Using these sensors, we measured the activity of RhoA and Cdc42 during spine structural plasticity associated with LTP (Figs. 1, 2 and 3). Pyramidal neurons in the CA1 region of cultured hippocampal slices were ballistically18 transfected with the RhoA or Cdc42 sensor, and the FRET signal was imaged under 2pFLIM. The spine volume was monitored using the red fluorescence of mCherry-RBD-mCherry (Supplementary Fig. 3)12. To induce structural plasticity in a single dendritic spine, we applied a low frequency train of two-photon glutamate uncaging pulses (30 pulses at 0.5 Hz) to the spine in zero extracellular Mg2+ (Ref 13,14,19). The spine volume increased rapidly by ~300% following glutamate uncaging (transient phase) and relaxed to an elevated level of 70–80% for more than 30 min (sustained phase) (Figs. 1d, 2d)1214. The time course of spine enlargement in neurons expressing the FRET sensor was similar to that in neurons expressing only EGFP (Fig. 4)14, suggesting that the overexpression of FRET sensors causes almost no effects on spine structural plasticity (Supplementary note).

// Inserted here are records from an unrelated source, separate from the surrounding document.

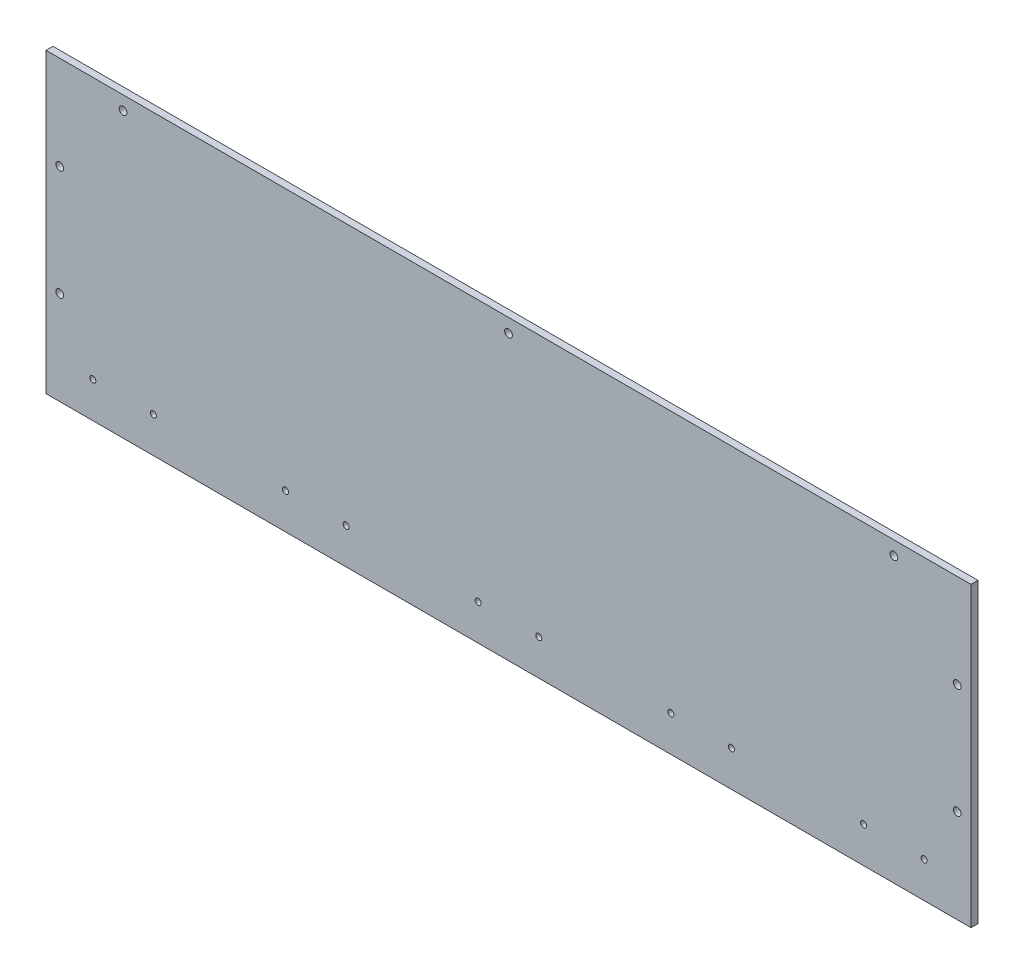
ISO-10303-21;
HEADER;
FILE_DESCRIPTION(('STEP AP214'),'2;1');
FILE_NAME('part.step','',(''),(''),'','','');
FILE_SCHEMA(('AUTOMOTIVE_DESIGN { 1 0 10303 214 1 1 1 1 }'));
ENDSEC;
DATA;
#1=APPLICATION_CONTEXT('core data for automotive mechanical design processes');
#2=APPLICATION_PROTOCOL_DEFINITION('international standard','automotive_design',2000,#1);
#3=PRODUCT_CONTEXT('',#1,'mechanical');
#4=PRODUCT('Part','Part','',(#3));
#5=PRODUCT_RELATED_PRODUCT_CATEGORY('part','',(#4));
#6=PRODUCT_DEFINITION_FORMATION('','',#4);
#7=PRODUCT_DEFINITION_CONTEXT('part definition',#1,'design');
#8=PRODUCT_DEFINITION('design','',#6,#7);
#9=PRODUCT_DEFINITION_SHAPE('','',#8);
#10=(LENGTH_UNIT() NAMED_UNIT(*) SI_UNIT(.MILLI.,.METRE.));
#11=(NAMED_UNIT(*) PLANE_ANGLE_UNIT() SI_UNIT($,.RADIAN.));
#12=(NAMED_UNIT(*) SI_UNIT($,.STERADIAN.) SOLID_ANGLE_UNIT());
#13=UNCERTAINTY_MEASURE_WITH_UNIT(LENGTH_MEASURE(1.E-05),#10,'distance_accuracy_value','');
#14=(GEOMETRIC_REPRESENTATION_CONTEXT(3) GLOBAL_UNCERTAINTY_ASSIGNED_CONTEXT((#13)) GLOBAL_UNIT_ASSIGNED_CONTEXT((#10,
#11,#12)) REPRESENTATION_CONTEXT('',''));
#15=CARTESIAN_POINT('',(0.,0.,0.));
#16=DIRECTION('',(0.,0.,1.));
#17=DIRECTION('',(1.,0.,0.));
#18=AXIS2_PLACEMENT_3D('',#15,#16,#17);
#19=CARTESIAN_POINT('',(0.,0.,6.35));
#20=DIRECTION('',(0.,0.,-1.));
#21=DIRECTION('',(-1.,0.,0.));
#22=AXIS2_PLACEMENT_3D('',#19,#20,#21);
#23=PLANE('',#22);
#24=CARTESIAN_POINT('',(420.,257.5,6.35));
#25=DIRECTION('',(0.,0.,-1.));
#26=DIRECTION('',(-1.,0.,0.));
#27=AXIS2_PLACEMENT_3D('',#24,#25,#26);
#28=CIRCLE('',#27,3.50000000000002);
#29=CARTESIAN_POINT('',(416.5,257.5,6.35));
#30=VERTEX_POINT('',#29);
#31=EDGE_CURVE('E103',#30,#30,#28,.T.);
#32=ORIENTED_EDGE('',*,*,#31,.T.);
#33=EDGE_LOOP('',(#32));
#34=FACE_BOUND('',#33,.T.);
#35=CARTESIAN_POINT('',(770.,257.5,6.35));
#36=DIRECTION('',(0.,0.,-1.));
#37=DIRECTION('',(-1.,0.,0.));
#38=AXIS2_PLACEMENT_3D('',#35,#36,#37);
#39=CIRCLE('',#38,3.49999999999997);
#40=CARTESIAN_POINT('',(766.5,257.5,6.35));
#41=VERTEX_POINT('',#40);
#42=EDGE_CURVE('E117',#41,#41,#39,.T.);
#43=ORIENTED_EDGE('',*,*,#42,.T.);
#44=EDGE_LOOP('',(#43));
#45=FACE_BOUND('',#44,.T.);
#46=CARTESIAN_POINT('',(12.5,185.,6.35));
#47=DIRECTION('',(0.,0.,-1.));
#48=DIRECTION('',(-1.,0.,0.));
#49=AXIS2_PLACEMENT_3D('',#46,#47,#48);
#50=CIRCLE('',#49,3.5);
#51=CARTESIAN_POINT('',(9.00000000000001,185.,6.35));
#52=VERTEX_POINT('',#51);
#53=EDGE_CURVE('E120',#52,#52,#50,.T.);
#54=ORIENTED_EDGE('',*,*,#53,.T.);
#55=EDGE_LOOP('',(#54));
#56=FACE_BOUND('',#55,.T.);
#57=CARTESIAN_POINT('',(12.5,85.,6.35));
#58=DIRECTION('',(0.,0.,-1.));
#59=DIRECTION('',(-1.,0.,0.));
#60=AXIS2_PLACEMENT_3D('',#57,#58,#59);
#61=CIRCLE('',#60,3.5);
#62=CARTESIAN_POINT('',(9.00000000000004,85.,6.35));
#63=VERTEX_POINT('',#62);
#64=EDGE_CURVE('E123',#63,#63,#61,.T.);
#65=ORIENTED_EDGE('',*,*,#64,.T.);
#66=EDGE_LOOP('',(#65));
#67=FACE_BOUND('',#66,.T.);
#68=CARTESIAN_POINT('',(392.5,32.5,6.35));
#69=DIRECTION('',(0.,0.,-1.));
#70=DIRECTION('',(-1.,0.,0.));
#71=AXIS2_PLACEMENT_3D('',#68,#69,#70);
#72=CIRCLE('',#71,2.74999999999998);
#73=CARTESIAN_POINT('',(389.75,32.5,6.35));
#74=VERTEX_POINT('',#73);
#75=EDGE_CURVE('E126',#74,#74,#72,.T.);
#76=ORIENTED_EDGE('',*,*,#75,.T.);
#77=EDGE_LOOP('',(#76));
#78=FACE_BOUND('',#77,.T.);
#79=CARTESIAN_POINT('',(447.5,32.5,6.35));
#80=DIRECTION('',(0.,0.,-1.));
#81=DIRECTION('',(-1.,0.,0.));
#82=AXIS2_PLACEMENT_3D('',#79,#80,#81);
#83=CIRCLE('',#82,2.74999999999998);
#84=CARTESIAN_POINT('',(444.75,32.5,6.35));
#85=VERTEX_POINT('',#84);
#86=EDGE_CURVE('E129',#85,#85,#83,.T.);
#87=ORIENTED_EDGE('',*,*,#86,.T.);
#88=EDGE_LOOP('',(#87));
#89=FACE_BOUND('',#88,.T.);
#90=CARTESIAN_POINT('',(567.5,32.5,6.35));
#91=DIRECTION('',(0.,0.,-1.));
#92=DIRECTION('',(-1.,0.,0.));
#93=AXIS2_PLACEMENT_3D('',#90,#91,#92);
#94=CIRCLE('',#93,2.75000000000004);
#95=CARTESIAN_POINT('',(564.75,32.5,6.35));
#96=VERTEX_POINT('',#95);
#97=EDGE_CURVE('E132',#96,#96,#94,.T.);
#98=ORIENTED_EDGE('',*,*,#97,.T.);
#99=EDGE_LOOP('',(#98));
#100=FACE_BOUND('',#99,.T.);
#101=CARTESIAN_POINT('',(622.5,32.5,6.35));
#102=DIRECTION('',(0.,0.,-1.));
#103=DIRECTION('',(-1.,0.,0.));
#104=AXIS2_PLACEMENT_3D('',#101,#102,#103);
#105=CIRCLE('',#104,2.74999999999992);
#106=CARTESIAN_POINT('',(619.75,32.5,6.35));
#107=VERTEX_POINT('',#106);
#108=EDGE_CURVE('E135',#107,#107,#105,.T.);
#109=ORIENTED_EDGE('',*,*,#108,.T.);
#110=EDGE_LOOP('',(#109));
#111=FACE_BOUND('',#110,.T.);
#112=CARTESIAN_POINT('',(742.5,32.5,6.35));
#113=DIRECTION('',(0.,0.,-1.));
#114=DIRECTION('',(-1.,0.,0.));
#115=AXIS2_PLACEMENT_3D('',#112,#113,#114);
#116=CIRCLE('',#115,2.75000000000004);
#117=CARTESIAN_POINT('',(739.75,32.5,6.35));
#118=VERTEX_POINT('',#117);
#119=EDGE_CURVE('E138',#118,#118,#116,.T.);
#120=ORIENTED_EDGE('',*,*,#119,.T.);
#121=EDGE_LOOP('',(#120));
#122=FACE_BOUND('',#121,.T.);
#123=CARTESIAN_POINT('',(797.5,32.5,6.35));
#124=DIRECTION('',(0.,0.,-1.));
#125=DIRECTION('',(-1.,0.,0.));
#126=AXIS2_PLACEMENT_3D('',#123,#124,#125);
#127=CIRCLE('',#126,2.74999999999992);
#128=CARTESIAN_POINT('',(794.75,32.5,6.35));
#129=VERTEX_POINT('',#128);
#130=EDGE_CURVE('E141',#129,#129,#127,.T.);
#131=ORIENTED_EDGE('',*,*,#130,.T.);
#132=EDGE_LOOP('',(#131));
#133=FACE_BOUND('',#132,.T.);
#134=CARTESIAN_POINT('',(217.5,32.4999999999988,6.35));
#135=DIRECTION('',(0.,0.,-1.));
#136=DIRECTION('',(-1.,0.,0.));
#137=AXIS2_PLACEMENT_3D('',#134,#135,#136);
#138=CIRCLE('',#137,2.74999999999998);
#139=CARTESIAN_POINT('',(214.75,32.4999999999988,6.35));
#140=VERTEX_POINT('',#139);
#141=EDGE_CURVE('E144',#140,#140,#138,.T.);
#142=ORIENTED_EDGE('',*,*,#141,.T.);
#143=EDGE_LOOP('',(#142));
#144=FACE_BOUND('',#143,.T.);
#145=CARTESIAN_POINT('',(272.5,32.4999999999988,6.35));
#146=DIRECTION('',(0.,0.,-1.));
#147=DIRECTION('',(-1.,0.,0.));
#148=AXIS2_PLACEMENT_3D('',#145,#146,#147);
#149=CIRCLE('',#148,2.74999999999998);
#150=CARTESIAN_POINT('',(269.75,32.4999999999988,6.35));
#151=VERTEX_POINT('',#150);
#152=EDGE_CURVE('E147',#151,#151,#149,.T.);
#153=ORIENTED_EDGE('',*,*,#152,.T.);
#154=EDGE_LOOP('',(#153));
#155=FACE_BOUND('',#154,.T.);
#156=CARTESIAN_POINT('',(42.5,32.4999999999976,6.35));
#157=DIRECTION('',(0.,0.,-1.));
#158=DIRECTION('',(-1.,0.,0.));
#159=AXIS2_PLACEMENT_3D('',#156,#157,#158);
#160=CIRCLE('',#159,2.74999999999998);
#161=CARTESIAN_POINT('',(39.7500000000001,32.4999999999976,6.35));
#162=VERTEX_POINT('',#161);
#163=EDGE_CURVE('E150',#162,#162,#160,.T.);
#164=ORIENTED_EDGE('',*,*,#163,.T.);
#165=EDGE_LOOP('',(#164));
#166=FACE_BOUND('',#165,.T.);
#167=CARTESIAN_POINT('',(97.5000000000001,32.4999999999976,6.35));
#168=DIRECTION('',(0.,0.,-1.));
#169=DIRECTION('',(-1.,0.,0.));
#170=AXIS2_PLACEMENT_3D('',#167,#168,#169);
#171=CIRCLE('',#170,2.74999999999998);
#172=CARTESIAN_POINT('',(94.7500000000001,32.4999999999976,6.35));
#173=VERTEX_POINT('',#172);
#174=EDGE_CURVE('E153',#173,#173,#171,.T.);
#175=ORIENTED_EDGE('',*,*,#174,.T.);
#176=EDGE_LOOP('',(#175));
#177=FACE_BOUND('',#176,.T.);
#178=CARTESIAN_POINT('',(70.,257.5,6.35));
#179=DIRECTION('',(0.,0.,-1.));
#180=DIRECTION('',(-1.,0.,0.));
#181=AXIS2_PLACEMENT_3D('',#178,#179,#180);
#182=CIRCLE('',#181,3.50000000000001);
#183=CARTESIAN_POINT('',(66.5,257.5,6.35));
#184=VERTEX_POINT('',#183);
#185=EDGE_CURVE('E156',#184,#184,#182,.T.);
#186=ORIENTED_EDGE('',*,*,#185,.T.);
#187=EDGE_LOOP('',(#186));
#188=FACE_BOUND('',#187,.T.);
#189=DIRECTION('',(0.,-1.,0.));
#190=VECTOR('',#189,1.);
#191=CARTESIAN_POINT('',(0.,0.,6.35));
#192=LINE('',#191,#190);
#193=CARTESIAN_POINT('',(0.,270.,6.35));
#194=VERTEX_POINT('',#193);
#195=CARTESIAN_POINT('',(0.,0.,6.35));
#196=VERTEX_POINT('',#195);
#197=EDGE_CURVE('E88',#194,#196,#192,.T.);
#198=ORIENTED_EDGE('',*,*,#197,.T.);
#199=DIRECTION('',(1.,0.,0.));
#200=VECTOR('',#199,1.);
#201=CARTESIAN_POINT('',(0.,0.,6.35));
#202=LINE('',#201,#200);
#203=CARTESIAN_POINT('',(840.,0.,6.35));
#204=VERTEX_POINT('',#203);
#205=EDGE_CURVE('E83',#196,#204,#202,.T.);
#206=ORIENTED_EDGE('',*,*,#205,.T.);
#207=DIRECTION('',(0.,1.,0.));
#208=VECTOR('',#207,1.);
#209=CARTESIAN_POINT('',(840.,0.,6.35));
#210=LINE('',#209,#208);
#211=CARTESIAN_POINT('',(840.,270.,6.35));
#212=VERTEX_POINT('',#211);
#213=EDGE_CURVE('E86',#204,#212,#210,.T.);
#214=ORIENTED_EDGE('',*,*,#213,.T.);
#215=DIRECTION('',(-1.,0.,0.));
#216=VECTOR('',#215,1.);
#217=CARTESIAN_POINT('',(0.,270.,6.35));
#218=LINE('',#217,#216);
#219=EDGE_CURVE('E53',#212,#194,#218,.T.);
#220=ORIENTED_EDGE('',*,*,#219,.T.);
#221=EDGE_LOOP('',(#198,#206,#214,#220));
#222=FACE_BOUND('',#221,.T.);
#223=CARTESIAN_POINT('',(827.5,85.,6.35));
#224=DIRECTION('',(0.,0.,-1.));
#225=DIRECTION('',(-1.,0.,0.));
#226=AXIS2_PLACEMENT_3D('',#223,#224,#225);
#227=CIRCLE('',#226,3.5);
#228=CARTESIAN_POINT('',(824.,85.,6.35));
#229=VERTEX_POINT('',#228);
#230=EDGE_CURVE('E207',#229,#229,#227,.F.);
#231=ORIENTED_EDGE('',*,*,#230,.F.);
#232=EDGE_LOOP('',(#231));
#233=FACE_BOUND('',#232,.T.);
#234=CARTESIAN_POINT('',(827.5,185.,6.35));
#235=DIRECTION('',(0.,0.,-1.));
#236=DIRECTION('',(-1.,0.,0.));
#237=AXIS2_PLACEMENT_3D('',#234,#235,#236);
#238=CIRCLE('',#237,3.5);
#239=CARTESIAN_POINT('',(824.,185.,6.35));
#240=VERTEX_POINT('',#239);
#241=EDGE_CURVE('E191',#240,#240,#238,.F.);
#242=ORIENTED_EDGE('',*,*,#241,.F.);
#243=EDGE_LOOP('',(#242));
#244=FACE_BOUND('',#243,.T.);
#245=ADVANCED_FACE('F36',(#34,#45,#56,#67,#78,#89,#100,#111,#122,#133,#144,#155,#166,#177,#188,
#222,#233,#244),#23,.F.);
#246=CARTESIAN_POINT('',(0.,0.,0.));
#247=DIRECTION('',(0.,0.,-1.));
#248=DIRECTION('',(-1.,0.,0.));
#249=AXIS2_PLACEMENT_3D('',#246,#247,#248);
#250=PLANE('',#249);
#251=CARTESIAN_POINT('',(827.5,85.,0.));
#252=DIRECTION('',(0.,0.,-1.));
#253=DIRECTION('',(-1.,0.,0.));
#254=AXIS2_PLACEMENT_3D('',#251,#252,#253);
#255=CIRCLE('',#254,3.5);
#256=CARTESIAN_POINT('',(824.,85.,0.));
#257=VERTEX_POINT('',#256);
#258=EDGE_CURVE('E211',#257,#257,#255,.T.);
#259=ORIENTED_EDGE('',*,*,#258,.F.);
#260=EDGE_LOOP('',(#259));
#261=FACE_BOUND('',#260,.T.);
#262=CARTESIAN_POINT('',(420.,257.5,0.));
#263=DIRECTION('',(0.,0.,1.));
#264=DIRECTION('',(1.,0.,0.));
#265=AXIS2_PLACEMENT_3D('',#262,#263,#264);
#266=CIRCLE('',#265,3.50000000000002);
#267=CARTESIAN_POINT('',(423.5,257.5,0.));
#268=VERTEX_POINT('',#267);
#269=EDGE_CURVE('E162',#268,#268,#266,.T.);
#270=ORIENTED_EDGE('',*,*,#269,.T.);
#271=EDGE_LOOP('',(#270));
#272=FACE_BOUND('',#271,.T.);
#273=CARTESIAN_POINT('',(770.,257.5,0.));
#274=DIRECTION('',(0.,0.,1.));
#275=DIRECTION('',(1.,0.,0.));
#276=AXIS2_PLACEMENT_3D('',#273,#274,#275);
#277=CIRCLE('',#276,3.49999999999997);
#278=CARTESIAN_POINT('',(773.5,257.5,0.));
#279=VERTEX_POINT('',#278);
#280=EDGE_CURVE('E182',#279,#279,#277,.T.);
#281=ORIENTED_EDGE('',*,*,#280,.T.);
#282=EDGE_LOOP('',(#281));
#283=FACE_BOUND('',#282,.T.);
#284=CARTESIAN_POINT('',(12.5,185.,0.));
#285=DIRECTION('',(0.,0.,1.));
#286=DIRECTION('',(1.,0.,0.));
#287=AXIS2_PLACEMENT_3D('',#284,#285,#286);
#288=CIRCLE('',#287,3.5);
#289=CARTESIAN_POINT('',(16.,185.,0.));
#290=VERTEX_POINT('',#289);
#291=EDGE_CURVE('E179',#290,#290,#288,.T.);
#292=ORIENTED_EDGE('',*,*,#291,.T.);
#293=EDGE_LOOP('',(#292));
#294=FACE_BOUND('',#293,.T.);
#295=CARTESIAN_POINT('',(12.5,85.,0.));
#296=DIRECTION('',(0.,0.,1.));
#297=DIRECTION('',(1.,0.,0.));
#298=AXIS2_PLACEMENT_3D('',#295,#296,#297);
#299=CIRCLE('',#298,3.5);
#300=CARTESIAN_POINT('',(16.,85.,0.));
#301=VERTEX_POINT('',#300);
#302=EDGE_CURVE('E176',#301,#301,#299,.T.);
#303=ORIENTED_EDGE('',*,*,#302,.T.);
#304=EDGE_LOOP('',(#303));
#305=FACE_BOUND('',#304,.T.);
#306=CARTESIAN_POINT('',(392.5,32.5,0.));
#307=DIRECTION('',(0.,0.,1.));
#308=DIRECTION('',(1.,0.,0.));
#309=AXIS2_PLACEMENT_3D('',#306,#307,#308);
#310=CIRCLE('',#309,2.74999999999998);
#311=CARTESIAN_POINT('',(395.25,32.5,0.));
#312=VERTEX_POINT('',#311);
#313=EDGE_CURVE('E173',#312,#312,#310,.T.);
#314=ORIENTED_EDGE('',*,*,#313,.T.);
#315=EDGE_LOOP('',(#314));
#316=FACE_BOUND('',#315,.T.);
#317=CARTESIAN_POINT('',(447.5,32.5,0.));
#318=DIRECTION('',(0.,0.,1.));
#319=DIRECTION('',(1.,0.,0.));
#320=AXIS2_PLACEMENT_3D('',#317,#318,#319);
#321=CIRCLE('',#320,2.74999999999998);
#322=CARTESIAN_POINT('',(450.25,32.5,0.));
#323=VERTEX_POINT('',#322);
#324=EDGE_CURVE('E170',#323,#323,#321,.T.);
#325=ORIENTED_EDGE('',*,*,#324,.T.);
#326=EDGE_LOOP('',(#325));
#327=FACE_BOUND('',#326,.T.);
#328=CARTESIAN_POINT('',(567.5,32.5,0.));
#329=DIRECTION('',(0.,0.,1.));
#330=DIRECTION('',(1.,0.,0.));
#331=AXIS2_PLACEMENT_3D('',#328,#329,#330);
#332=CIRCLE('',#331,2.75000000000004);
#333=CARTESIAN_POINT('',(570.25,32.5,0.));
#334=VERTEX_POINT('',#333);
#335=EDGE_CURVE('E166',#334,#334,#332,.T.);
#336=ORIENTED_EDGE('',*,*,#335,.T.);
#337=EDGE_LOOP('',(#336));
#338=FACE_BOUND('',#337,.T.);
#339=CARTESIAN_POINT('',(622.5,32.5,0.));
#340=DIRECTION('',(0.,0.,1.));
#341=DIRECTION('',(1.,0.,0.));
#342=AXIS2_PLACEMENT_3D('',#339,#340,#341);
#343=CIRCLE('',#342,2.74999999999992);
#344=CARTESIAN_POINT('',(625.25,32.5,0.));
#345=VERTEX_POINT('',#344);
#346=EDGE_CURVE('E163',#345,#345,#343,.T.);
#347=ORIENTED_EDGE('',*,*,#346,.T.);
#348=EDGE_LOOP('',(#347));
#349=FACE_BOUND('',#348,.T.);
#350=CARTESIAN_POINT('',(742.5,32.5,0.));
#351=DIRECTION('',(0.,0.,1.));
#352=DIRECTION('',(1.,0.,0.));
#353=AXIS2_PLACEMENT_3D('',#350,#351,#352);
#354=CIRCLE('',#353,2.75000000000004);
#355=CARTESIAN_POINT('',(745.25,32.5,0.));
#356=VERTEX_POINT('',#355);
#357=EDGE_CURVE('E167',#356,#356,#354,.T.);
#358=ORIENTED_EDGE('',*,*,#357,.T.);
#359=EDGE_LOOP('',(#358));
#360=FACE_BOUND('',#359,.T.);
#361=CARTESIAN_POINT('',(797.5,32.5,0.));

Fig. 1. Spatiotemporal dynamics of RhoA activation during long-term structural plasticity induced in single spines.

Fig. 1

a, Fluorescence lifetime images of RhoA activation during spine structural plasticity induced by 2-photon glutamate uncaging. Arrow heads indicate the stimulated spine. Warmer colours indicate shorter lifetimes and higher RhoA activity. Scale bar, 5 μm.

b, Time course of RhoA activation measured as a change in the fraction of mEGFP-RhoA bound to mCherry-RBD-mCherry in stimulated spines (stim), the dendritic shaft beside the stimulated spines (dend; within 1 μm), and adjacent spines (adj; between 3–5 μm of the stimulated spines). Data using pharmacological inhibitors (Ctrl, control condition; KN62, CaMKII inhibitor; AP5, NMDA receptor inhibitor) are also shown. Inset: closer view. The numbers of samples (spines/neurons) are 35/29 for stimulated spines and dendrites, 29/26 for adjacent spines, 16/10 for KN62 and 8/5 AP5. Error bars are s.e.m.

c, Transient (averaged over 16–64 s) and sustained (averaged over 20–38 min) RhoA activation. Stars denote statistically significant difference (< 0.05) from the value in the stimulated spines under control condition. Wilcoxon signed-rank test was used for dendrites and adjacent spines, and ANOVA followed by post-hoc tests using the least significant difference was used for experiments with pharmacological inhibitors.

d, Averaged time course of spine volume change in the same experiments in b.

e, Transient (volume change averaged over 1.5–2 min subtracted by that over 20–38 min) and sustained volume change (volume change averaged over 20–38 min).

Fig. 2. Spatiotemporal dynamics of Cdc42 activation during long-term structural plasticity induced in single spines.

Fig. 2

The same experiments and analyses as in Fig. 1 except for measuring Cdc42 activity instead of RhoA activity. The numbers of samples (spines/neurons) are 33/28 for stimulated spines and dendrite, 33/28 for adjacent spines, 11/6 for KN62 and 12/8 for AP5.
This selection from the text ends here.